Filter the listing below, please, and copy only the lines with the word "points".

__________________________________________________

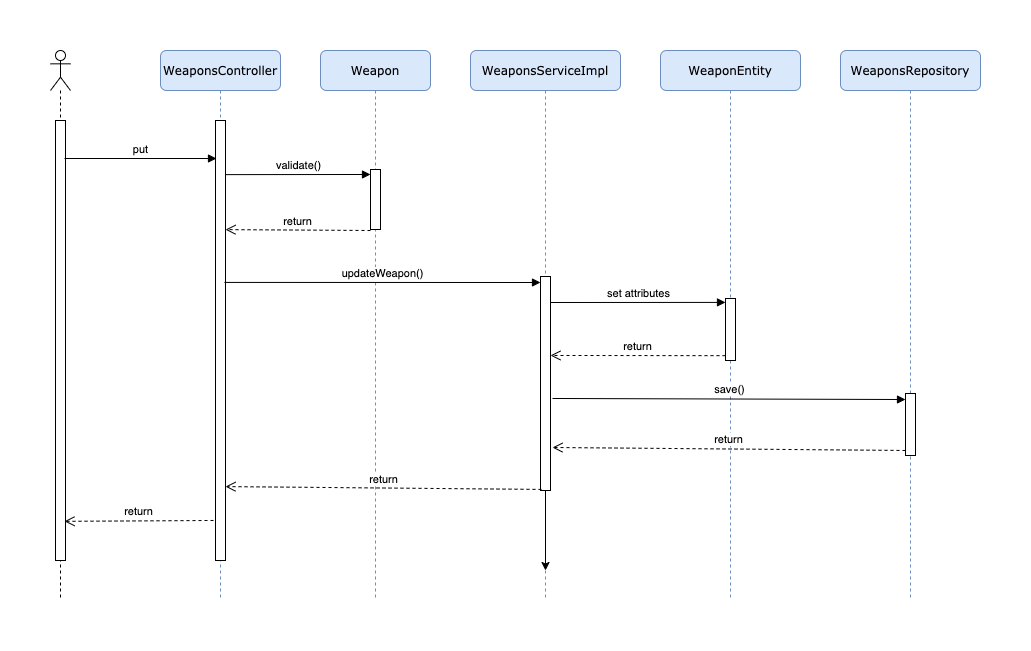

The diagram above was exported from draw.io. Its source (the exported page's mxGraphModel, read from the mxfile embedded in the PNG):
<mxGraphModel dx="1298" dy="731" grid="1" gridSize="10" guides="1" tooltips="1" connect="1" arrows="1" fold="1" page="1" pageScale="1" pageWidth="1100" pageHeight="850" background="#ffffff" math="0" shadow="0">
  <root>
    <mxCell id="0" />
    <mxCell id="1" parent="0" />
    <mxCell id="7baba1c4bc27f4b0-2" value="WeaponsServiceImpl" style="shape=umlLifeline;perimeter=lifelinePerimeter;whiteSpace=wrap;html=1;container=1;collapsible=0;recursiveResize=0;outlineConnect=0;rounded=1;shadow=0;comic=0;labelBackgroundColor=none;strokeWidth=1;fontFamily=Verdana;fontSize=12;align=center;fillColor=#dae8fc;strokeColor=#6c8ebf;" parent="1" vertex="1">
      <mxGeometry x="500" y="90" width="150" height="550" as="geometry" />
    </mxCell>
    <mxCell id="7baba1c4bc27f4b0-3" value="WeaponsRepository" style="shape=umlLifeline;perimeter=lifelinePerimeter;whiteSpace=wrap;html=1;container=1;collapsible=0;recursiveResize=0;outlineConnect=0;rounded=1;shadow=0;comic=0;labelBackgroundColor=none;strokeWidth=1;fontFamily=Verdana;fontSize=12;align=center;fillColor=#dae8fc;strokeColor=#6c8ebf;" parent="1" vertex="1">
      <mxGeometry x="870" y="90" width="140" height="550" as="geometry" />
    </mxCell>
    <mxCell id="5rRgPjy6jJg0etSH70lu-17" value="" style="html=1;points=[];perimeter=orthogonalPerimeter;" parent="7baba1c4bc27f4b0-3" vertex="1">
      <mxGeometry x="65" y="343" width="10" height="62" as="geometry" />
    </mxCell>
    <mxCell id="7baba1c4bc27f4b0-8" value="WeaponsController" style="shape=umlLifeline;perimeter=lifelinePerimeter;whiteSpace=wrap;html=1;container=1;collapsible=0;recursiveResize=0;outlineConnect=0;rounded=1;shadow=0;comic=0;labelBackgroundColor=none;strokeWidth=1;fontFamily=Verdana;fontSize=12;align=center;fillColor=#dae8fc;strokeColor=#6c8ebf;" parent="1" vertex="1">
      <mxGeometry x="190" y="90" width="120" height="550" as="geometry" />
    </mxCell>
    <mxCell id="5rRgPjy6jJg0etSH70lu-3" value="" style="html=1;points=[];perimeter=orthogonalPerimeter;" parent="7baba1c4bc27f4b0-8" vertex="1">
      <mxGeometry x="55" y="70" width="10" height="440" as="geometry" />
    </mxCell>
    <mxCell id="5rRgPjy6jJg0etSH70lu-1" value="" style="shape=umlLifeline;participant=umlActor;perimeter=lifelinePerimeter;whiteSpace=wrap;html=1;container=1;collapsible=0;recursiveResize=0;verticalAlign=top;spacingTop=36;labelBackgroundColor=#ffffff;outlineConnect=0;" parent="1" vertex="1">
      <mxGeometry x="80" y="90" width="20" height="550" as="geometry" />
    </mxCell>
    <mxCell id="5rRgPjy6jJg0etSH70lu-2" value="" style="html=1;points=[];perimeter=orthogonalPerimeter;" parent="5rRgPjy6jJg0etSH70lu-1" vertex="1">
      <mxGeometry x="5" y="70" width="10" height="440" as="geometry" />
    </mxCell>
    <mxCell id="5rRgPjy6jJg0etSH70lu-4" value="put" style="html=1;verticalAlign=bottom;endArrow=block;" parent="1" edge="1">
      <mxGeometry width="80" relative="1" as="geometry">
        <mxPoint x="94" y="198" as="sourcePoint" />
        <mxPoint x="246" y="198" as="targetPoint" />
      </mxGeometry>
    </mxCell>
    <mxCell id="5rRgPjy6jJg0etSH70lu-5" value="Weapon" style="shape=umlLifeline;perimeter=lifelinePerimeter;whiteSpace=wrap;html=1;container=1;collapsible=0;recursiveResize=0;outlineConnect=0;rounded=1;shadow=0;comic=0;labelBackgroundColor=none;strokeWidth=1;fontFamily=Verdana;fontSize=12;align=center;fillColor=#dae8fc;strokeColor=#6c8ebf;" parent="1" vertex="1">
      <mxGeometry x="350" y="90" width="110" height="550" as="geometry" />
    </mxCell>
    <mxCell id="5rRgPjy6jJg0etSH70lu-7" value="" style="html=1;points=[];perimeter=orthogonalPerimeter;" parent="5rRgPjy6jJg0etSH70lu-5" vertex="1">
      <mxGeometry x="50" y="119" width="10" height="60" as="geometry" />
    </mxCell>
    <mxCell id="5rRgPjy6jJg0etSH70lu-8" value="validate()" style="html=1;verticalAlign=bottom;endArrow=block;exitX=1;exitY=0.123;exitDx=0;exitDy=0;exitPerimeter=0;entryX=0;entryY=0.083;entryDx=0;entryDy=0;entryPerimeter=0;" parent="1" source="5rRgPjy6jJg0etSH70lu-3" target="5rRgPjy6jJg0etSH70lu-7" edge="1">
      <mxGeometry width="80" relative="1" as="geometry">
        <mxPoint x="420" y="370" as="sourcePoint" />
        <mxPoint x="500" y="370" as="targetPoint" />
      </mxGeometry>
    </mxCell>
    <mxCell id="5rRgPjy6jJg0etSH70lu-9" value="return" style="html=1;verticalAlign=bottom;endArrow=open;dashed=1;endSize=8;entryX=1;entryY=0.248;entryDx=0;entryDy=0;entryPerimeter=0;" parent="1" target="5rRgPjy6jJg0etSH70lu-3" edge="1">
      <mxGeometry relative="1" as="geometry">
        <mxPoint x="400" y="270" as="sourcePoint" />
        <mxPoint x="320" y="270" as="targetPoint" />
      </mxGeometry>
    </mxCell>
    <mxCell id="5rRgPjy6jJg0etSH70lu-28" value="" style="edgeStyle=orthogonalEdgeStyle;rounded=0;orthogonalLoop=1;jettySize=auto;html=1;" parent="1" source="5rRgPjy6jJg0etSH70lu-10" edge="1">
      <mxGeometry relative="1" as="geometry">
        <mxPoint x="575" y="610" as="targetPoint" />
      </mxGeometry>
    </mxCell>
    <mxCell id="5rRgPjy6jJg0etSH70lu-10" value="" style="html=1;points=[];perimeter=orthogonalPerimeter;" parent="1" vertex="1">
      <mxGeometry x="570" y="316" width="10" height="214" as="geometry" />
    </mxCell>
    <mxCell id="5rRgPjy6jJg0etSH70lu-11" value="updateWeapon()" style="html=1;verticalAlign=bottom;endArrow=block;exitX=0.9;exitY=0.368;exitDx=0;exitDy=0;exitPerimeter=0;" parent="1" source="5rRgPjy6jJg0etSH70lu-3" edge="1">
      <mxGeometry width="80" relative="1" as="geometry">
        <mxPoint x="260" y="322" as="sourcePoint" />
        <mxPoint x="570" y="322" as="targetPoint" />
      </mxGeometry>
    </mxCell>
    <mxCell id="5rRgPjy6jJg0etSH70lu-13" value="WeaponEntity" style="shape=umlLifeline;perimeter=lifelinePerimeter;whiteSpace=wrap;html=1;container=1;collapsible=0;recursiveResize=0;outlineConnect=0;rounded=1;shadow=0;comic=0;labelBackgroundColor=none;strokeWidth=1;fontFamily=Verdana;fontSize=12;align=center;fillColor=#dae8fc;strokeColor=#6c8ebf;" parent="1" vertex="1">
      <mxGeometry x="690" y="90" width="140" height="550" as="geometry" />
    </mxCell>
    <mxCell id="5rRgPjy6jJg0etSH70lu-14" value="" style="html=1;points=[];perimeter=orthogonalPerimeter;" parent="5rRgPjy6jJg0etSH70lu-13" vertex="1">
      <mxGeometry x="65" y="248" width="10" height="62" as="geometry" />
    </mxCell>
    <mxCell id="5rRgPjy6jJg0etSH70lu-15" value="set attributes" style="html=1;verticalAlign=bottom;endArrow=block;entryX=0;entryY=0.063;entryDx=0;entryDy=0;entryPerimeter=0;" parent="1" target="5rRgPjy6jJg0etSH70lu-14" edge="1">
      <mxGeometry width="80" relative="1" as="geometry">
        <mxPoint x="580" y="342" as="sourcePoint" />
        <mxPoint x="590" y="370" as="targetPoint" />
      </mxGeometry>
    </mxCell>
    <mxCell id="5rRgPjy6jJg0etSH70lu-16" value="return" style="html=1;verticalAlign=bottom;endArrow=open;dashed=1;endSize=8;exitX=0;exitY=0.922;exitDx=0;exitDy=0;exitPerimeter=0;entryX=1;entryY=0.369;entryDx=0;entryDy=0;entryPerimeter=0;" parent="1" source="5rRgPjy6jJg0etSH70lu-14" target="5rRgPjy6jJg0etSH70lu-10" edge="1">
      <mxGeometry relative="1" as="geometry">
        <mxPoint x="590" y="370" as="sourcePoint" />
        <mxPoint x="670" y="450" as="targetPoint" />
      </mxGeometry>
    </mxCell>
    <mxCell id="5rRgPjy6jJg0etSH70lu-18" value="return" style="html=1;verticalAlign=bottom;endArrow=open;dashed=1;endSize=8;entryX=1;entryY=0.832;entryDx=0;entryDy=0;entryPerimeter=0;exitX=0.1;exitY=0.995;exitDx=0;exitDy=0;exitPerimeter=0;" parent="1" source="5rRgPjy6jJg0etSH70lu-10" target="5rRgPjy6jJg0etSH70lu-3" edge="1">
      <mxGeometry relative="1" as="geometry">
        <mxPoint x="560" y="530" as="sourcePoint" />
        <mxPoint x="480" y="530" as="targetPoint" />
      </mxGeometry>
    </mxCell>
    <mxCell id="5rRgPjy6jJg0etSH70lu-19" value="return" style="html=1;verticalAlign=bottom;endArrow=open;dashed=1;endSize=8;entryX=1.2;entryY=0.799;entryDx=0;entryDy=0;entryPerimeter=0;exitX=0;exitY=0.919;exitDx=0;exitDy=0;exitPerimeter=0;" parent="1" source="5rRgPjy6jJg0etSH70lu-17" target="5rRgPjy6jJg0etSH70lu-10" edge="1">
      <mxGeometry relative="1" as="geometry">
        <mxPoint x="918" y="492.8500000000001" as="sourcePoint" />
        <mxPoint x="602" y="489.99999999999994" as="targetPoint" />
      </mxGeometry>
    </mxCell>
    <mxCell id="5rRgPjy6jJg0etSH70lu-20" value="save()" style="html=1;verticalAlign=bottom;endArrow=block;entryX=0;entryY=0.097;entryDx=0;entryDy=0;entryPerimeter=0;exitX=1.2;exitY=0.57;exitDx=0;exitDy=0;exitPerimeter=0;" parent="1" source="5rRgPjy6jJg0etSH70lu-10" target="5rRgPjy6jJg0etSH70lu-17" edge="1">
      <mxGeometry width="80" relative="1" as="geometry">
        <mxPoint x="720" y="440" as="sourcePoint" />
        <mxPoint x="800" y="440" as="targetPoint" />
      </mxGeometry>
    </mxCell>
    <mxCell id="5rRgPjy6jJg0etSH70lu-21" value="return" style="html=1;verticalAlign=bottom;endArrow=open;dashed=1;endSize=8;exitX=-0.2;exitY=0.909;exitDx=0;exitDy=0;exitPerimeter=0;entryX=0.9;entryY=0.911;entryDx=0;entryDy=0;entryPerimeter=0;" parent="1" source="5rRgPjy6jJg0etSH70lu-3" target="5rRgPjy6jJg0etSH70lu-2" edge="1">
      <mxGeometry relative="1" as="geometry">
        <mxPoint x="235" y="620.194" as="sourcePoint" />
        <mxPoint x="60" y="619.9959999999999" as="targetPoint" />
      </mxGeometry>
    </mxCell>
  </root>
</mxGraphModel>

__________________________________________________

# [Answer]
    <mxCell id="5rRgPjy6jJg0etSH70lu-17" value="" style="html=1;points=[];perimeter=orthogonalPerimeter;" parent="7baba1c4bc27f4b0-3" vertex="1">
    <mxCell id="5rRgPjy6jJg0etSH70lu-3" value="" style="html=1;points=[];perimeter=orthogonalPerimeter;" parent="7baba1c4bc27f4b0-8" vertex="1">
    <mxCell id="5rRgPjy6jJg0etSH70lu-2" value="" style="html=1;points=[];perimeter=orthogonalPerimeter;" parent="5rRgPjy6jJg0etSH70lu-1" vertex="1">
    <mxCell id="5rRgPjy6jJg0etSH70lu-7" value="" style="html=1;points=[];perimeter=orthogonalPerimeter;" parent="5rRgPjy6jJg0etSH70lu-5" vertex="1">
    <mxCell id="5rRgPjy6jJg0etSH70lu-10" value="" style="html=1;points=[];perimeter=orthogonalPerimeter;" parent="1" vertex="1">
    <mxCell id="5rRgPjy6jJg0etSH70lu-14" value="" style="html=1;points=[];perimeter=orthogonalPerimeter;" parent="5rRgPjy6jJg0etSH70lu-13" vertex="1">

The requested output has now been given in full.